_THE TASK_: Copy each line of the records that contains the word "point".
Segment Start: RECORDS TO USE
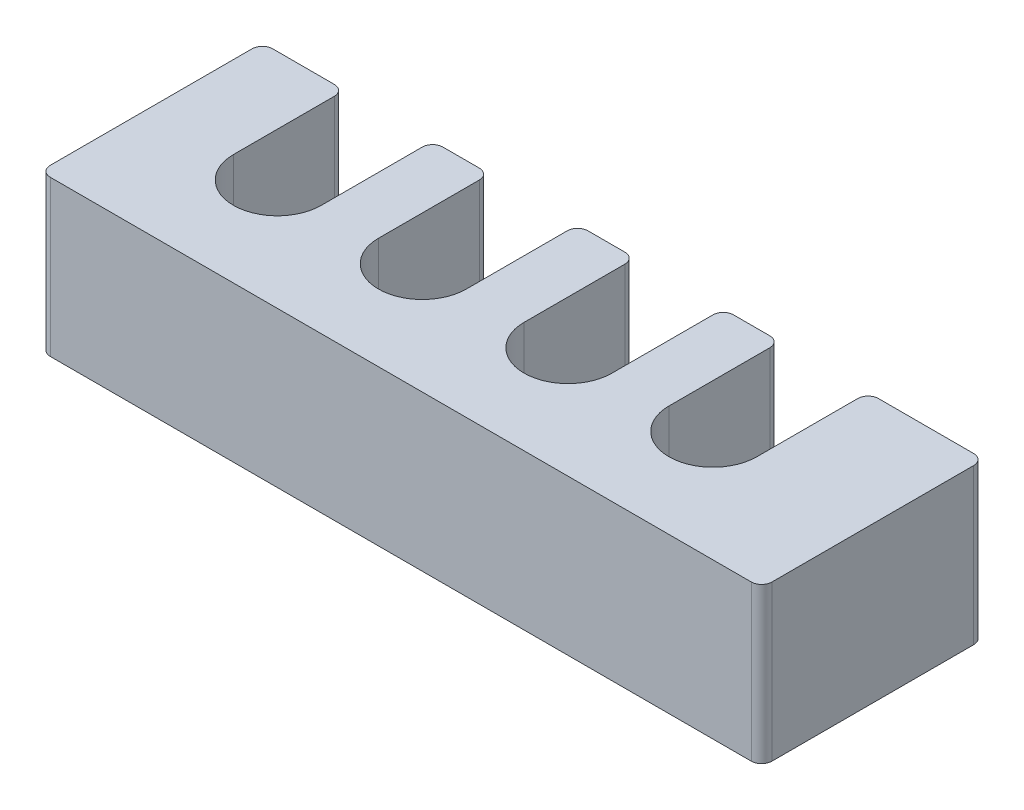
SolidWorks part; units mm, degrees
ref_plane "Ebene vorne" through (0, 0, 0) normal (0, 0, 1) x (1, 0, 0)
ref_plane "Ebene oben" through (0, 0, 0) normal (0, 1, 0) x (1, 0, 0)
ref_plane "Ebene rechts" through (0, 0, 0) normal (1, 0, 0) x (0, 0, -1)
sketch "Skizze1" plane through (0, 0, 0) normal (0, 1, 0) x (1, 0, 0)
  line L1 (0, 0) -> (139.5, 0)
  line L2 (0, 0) -> (0, 58)
  line L3 (0, 58) -> (139.5, 58)
  line L4 (139.5, 0) -> (139.5, 58)
  dimension "D1" = 139.5
  dimension "D2" = 58
extrude "Aufsatz-Linear austragen1" add sketch "Skizze1" along normal blind 28
sketch "Skizze4" plane through (0, 0, -58) normal (0, 0, -1) x (-1, 0, 0)
  line L0 (-52.43, 28) -> (-52.43, -7.154) construction
  line L1 (-3.63, 0) -> (-80.58, 0)
  line L5 (-32.9, 28) -> (-15.9, 28)
  line L6 (-32.9, 28) -> (-32.9, 4)
  line L8 (-15.9, 28) -> (-15.9, 4)
  line L9 (-60.93, 28) -> (-43.93, 28)
  line L10 (-60.93, 28) -> (-60.93, 4)
  line L12 (-43.93, 28) -> (-43.93, 4)
  line L13 (-89.08, 28) -> (-72.08, 28)
  line L14 (-89.08, 28) -> (-89.08, 4)
  line L16 (-72.08, 28) -> (-72.08, 4)
  line L17 (-24.4, 28) -> (-24.4, -7.154) construction
  line L18 (-80.58, 28) -> (-80.58, -7.154) construction
  line L19 (-108.58, 28) -> (-108.58, -7.154) construction
  line L20 (-139.5, 0) -> (0, 0) construction
  line L22 (-72.08, 4) -> (-60.93, 4)
  line L23 (-43.93, 4) -> (-32.9, 4)
  line L24 (-139.5, 28) -> (0, 28) construction
  line L25 (-139.5, 28) -> (0, 28) construction
  line L27 (-3.63, 0) -> (-5, 0)
  line L29 (-5, 4) -> (-15.9, 4)
  line L30 (-108.58, 28) -> (-100.08, 28)
  line L31 (-100.08, 28) -> (-100.08, 4)
  line L35 (-134.5, 4) -> (-117.08, 4)
  line L36 (-117.08, 4) -> (-117.08, 28)
  line L37 (-117.08, 28) -> (-108.58, 28)
  line L38 (-89.08, 4) -> (-100.08, 4)
  line L39 (-134.5, 0) -> (-80.58, 0)
  line L41 (-5, 4) -> (-5, 0)
  line L42 (-134.5, 0) -> (-134.5, 4)
  line L43 (-139.5, 28) -> (-139.5, 0) construction
  dimension "D2" = 17
  dimension "D3" = 17
  dimension "D4" = 28.03
  dimension "D5" = 28.15
  dimension "D6" = 17
  dimension "D7" = 4
  dimension "D8" = 19.4
  dimension "D10" = 28
  dimension "D11" = 17
  dimension "D12" = 5
  dimension "D13" = 5
extrude "Schnitt-Linear austragen2" cut sketch "Skizze4" against normal blind 30
fillet "Verrundung1" radius 8.5 8 edges at (15.9, 16, -28) (32.9, 16, -28) (43.93, 16, -28) (60.93, 16, -28) (72.08, 16, -28) (89.08, 16, -28) (100.08, 16, -28) (117.08, 16, -28)
sketch "Skizze5" plane through (0, 4, 0) normal (0, -1, 0) x (1, 0, 0)
  line L0 (94.58, -58) -> (94.58, -28) construction
  line L1 (89.08, -58) -> (100.08, -58) construction
  line L2 (80.58, -28) -> (108.58, -28) construction
  line L3 (66.505, -58) -> (66.505, -28) construction
  line L4 (72.08, -58) -> (60.93, -58) construction
  line L5 (80.58, -28) -> (52.43, -28) construction
  line L6 (38.415, -58) -> (38.415, -28) construction
  line L7 (43.93, -58) -> (32.9, -58) construction
  line L8 (52.43, -28) -> (24.4, -28) construction
  line L9 (12.28, -58) -> (5, -58)
  line L10 (134.5, -58) -> (117.08, -58) construction
  line L11 (134.5, -28) -> (5, -28) construction
  line L13 (5, -58) -> (5, -28)
  line L14 (80.58, -28) -> (80.58, -70) construction
  line L15 (96.58, -28) -> (92.58, -28)
  line L16 (96.58, -28) -> (96.58, -58)
  line L17 (96.58, -58) -> (92.58, -58)
  line L18 (92.58, -28) -> (92.58, -58)
  line L19 (68.58, -28) -> (64.43, -28)
  line L20 (68.58, -28) -> (68.58, -58)
  line L21 (68.58, -58) -> (64.43, -58)
  line L22 (64.43, -28) -> (64.43, -58)
  line L23 (40.43, -28) -> (36.28, -28)
  line L24 (134.5, -28) -> (120.58, -28)
  line L26 (134.5, -58) -> (120.58, -58)
  line L27 (120.58, -28) -> (120.58, -58)
  line L28 (40.43, -28) -> (40.43, -58)
  line L29 (40.43, -58) -> (36.28, -58)
  line L30 (36.28, -28) -> (36.28, -58)
  line L32 (12.28, -28) -> (12.28, -58)
  line L35 (8.13, -28) -> (8.13, -58) [skipped]
  line L37 (134.5, -28) -> (134.5, -58) construction
  line L38 (134.5, -28) -> (134.5, -58) construction
  line L39 (134.5, -28) -> (134.5, -58)
  line L40 (5, -28) -> (12.28, -28)
  line L41 (12.28, -58) -> (8.13, -58) [skipped]
  line L42 (12.28, -28) -> (8.13, -28) [skipped]
  dimension "D1" = 24
  dimension "D3" = 24
  dimension "D5" = 24
  dimension "D4" = 3
extrude "Aufsatz-Linear austragen2" add sketch "Skizze5" along normal up to surface (4 mm away) up to face at (69.75, 0, -36)
fillet "Verrundung2" radius 5 8 edges at (12.28, 2, -28) (36.28, 2, -28) (40.43, 2, -28) (64.43, 2, -28) (92.58, 2, -28) (68.58, 2, -28) (96.58, 2, -28) (120.58, 2, -28)
sketch "Skizze6" plane through (0, 0, 0) normal (0, -1, 0) x (1, 0, 0)
  line L0 (139.5, -58) -> (134.5, -58)
  line L1 (139.5, -58) -> (120.58, -58) construction
  line L2 (134.5, -58) -> (134.5, -43)
  line L3 (124.5, -25) -> (15, -25)
  line L4 (5, -43) -> (5, -58)
  line L6 (12.28, -58) -> (0, -58) construction
  line L7 (5, -58) -> (0, -58)
  line L8 (0, -58) -> (0, 0)
  line L9 (0, 0) -> (139.5, 0)
  line L10 (139.5, 0) -> (139.5, -58)
  line L11 (134.5, -43) -> (135.9783, -40.4394)
  line L12 (136.5, -38.4926) -> (136.5, -28)
  line L13 (131.5, -23) -> (129.0074, -23)
  line L14 (127.0606, -23.5217) -> (124.5, -25)
  line L16 (69.75, 0) -> (69.75, -87.8089) construction
  line L17 (12.4394, -23.5217) -> (15, -25)
  line L18 (8, -23) -> (10.4926, -23)
  line L19 (3, -38.4926) -> (3, -28)
  line L20 (5, -43) -> (3.5217, -40.4394)
  arc A2 (129.0074, -23) -> (127.0606, -23.5217) centre (129.0074, -26.8937) ccw
  arc A3 (135.9783, -40.4394) -> (136.5, -38.4926) centre (132.6063, -38.4926) ccw
  arc A4 (3.5217, -40.4394) -> (3, -38.4926) centre (6.8937, -38.4926) cw
  arc A5 (10.4926, -23) -> (12.4394, -23.5217) centre (10.4926, -26.8937) cw
  arc A6 (8, -23) -> (3, -28) centre (8, -28) ccw
  arc A7 (136.5, -28) -> (131.5, -23) centre (131.5, -28) ccw
  point P36 (3, -23)
  point P39 (136.5, -23)
  dimension "D4" = 15
  dimension "D10" = 3.8937
  dimension "D12" = 5
  dimension "D1" = 5
  dimension "D2" = 5
  dimension "D3" = 25
  dimension "D5" = 2
  dimension "D6" = 2
  dimension "D7" = 15
  dimension "D8" = 30
  dimension "D9" = 30
  dimension "D11" = 30
extrude "Aufsatz-Linear austragen3" add sketch "Skizze6" along normal blind 2
fillet "Verrundung3" radius 2 12 edges at (117.08, 16, -58) (100.08, 16, -58) (72.08, 16, -58) (43.93, 16, -58) (15.9, 16, -58) (32.9, 16, -58) (60.93, 16, -58) (89.08, 16, -58) (0, 13, -58) (139.5, 13, -58) (139.5, 13, 0) (0, 13, 0)
fillet "Verrundung4" radius 2 10 edges at (5, -1, -58) (12.28, 2, -58) (36.28, 2, -58) (40.43, 2, -58) (64.43, 2, -58) (68.58, 2, -58) (92.58, 2, -58) (96.58, 2, -58) (120.58, 2, -58) (134.5, -1, -58)
sketch "Skizze7" plane through (0, 28, 0) normal (0, 1, 0) x (1, 0, 0)
  line L0 (139.5, 2) -> (139.5, 56) construction
  line L1 (139.5, 15) -> (0, 15)
  line L2 (139.5, 15) -> (139.5, 0)
  line L3 (139.5, 0) -> (0, 0)
  line L4 (0, 15) -> (0, 0)
  dimension "D1" = 15
extrude "Schnitt-Linear austragen5" cut sketch "Skizze7" against normal through all
fillet "Verrundung5" radius 2 2 edges at (0, 13, -15) (139.5, 13, -15)
hole_wizard "M2.5 Gewindebohrung1" positions "Skizze8" profile "Skizze9" tap size "M2.5" standard "DIN"
sketch "Skizze8" plane through (0, 0, 0) normal (0, -1, 0) x (-1, 0, 0)
  line L0 (-15, 25) -> (-124.5, 25) construction
  line L1 (-134.5, 43) -> (-134.5, 56) construction
  line L2 (-5, 56) -> (-5, 43) construction
  line L4 (-15, 25) -> (-124.5, 25) construction
  point P0 (-130.75, 32.3)
  point P2 (-8.75, 32.3)
  point P13 (-8.75, 28.6562)
  dimension "D1" = 7.3
  dimension "D2" = 3.75
  dimension "D3" = 3.75
  dimension "D4" = 7.3
sketch "Skizze9" plane through (130.75, 0, -32.3) normal (1, 0, 0) x (0, 0, -1)
  line L0 (0, 0) -> (0, 4.8659)
  line L1 (0, 4.8659) -> (1.025, 4.25)
  line L2 (1.025, 4.25) -> (1.025, 0.25)
  line L3 (1.025, 0.25) -> (1.275, 0)
  line L5 (1.275, 0) -> (0, 0)
  line L6 (-1.025, 0.25) -> (-1.275, 0) construction
  line L10 (0, 4.8659) -> (-1.025, 4.25) construction
  line L11 (0, -6.35) -> (0, 107.95) construction
  dimension "Bohrerdurchmesser" = 2.05
  dimension "Bohrungstiefe" = 4.25
  dimension "Senkdurchmesser (Oben)" = 2.55
  dimension "Senkwinkel (Oben)" = 90
  dimension "Spitzenwinkel" = 118
cosmetic thread "Bohrungsgewinde1" parameters "D1"=5, "D2"=2.5
cosmetic thread "Bohrungsgewinde2" parameters "D1"=5, "D2"=2.5
Segment End: RECORDS TO USE
_ANSWER BOX_:
  point P36 (3, -23)
  point P39 (136.5, -23)
  point P0 (-130.75, 32.3)
  point P2 (-8.75, 32.3)
  point P13 (-8.75, 28.6562)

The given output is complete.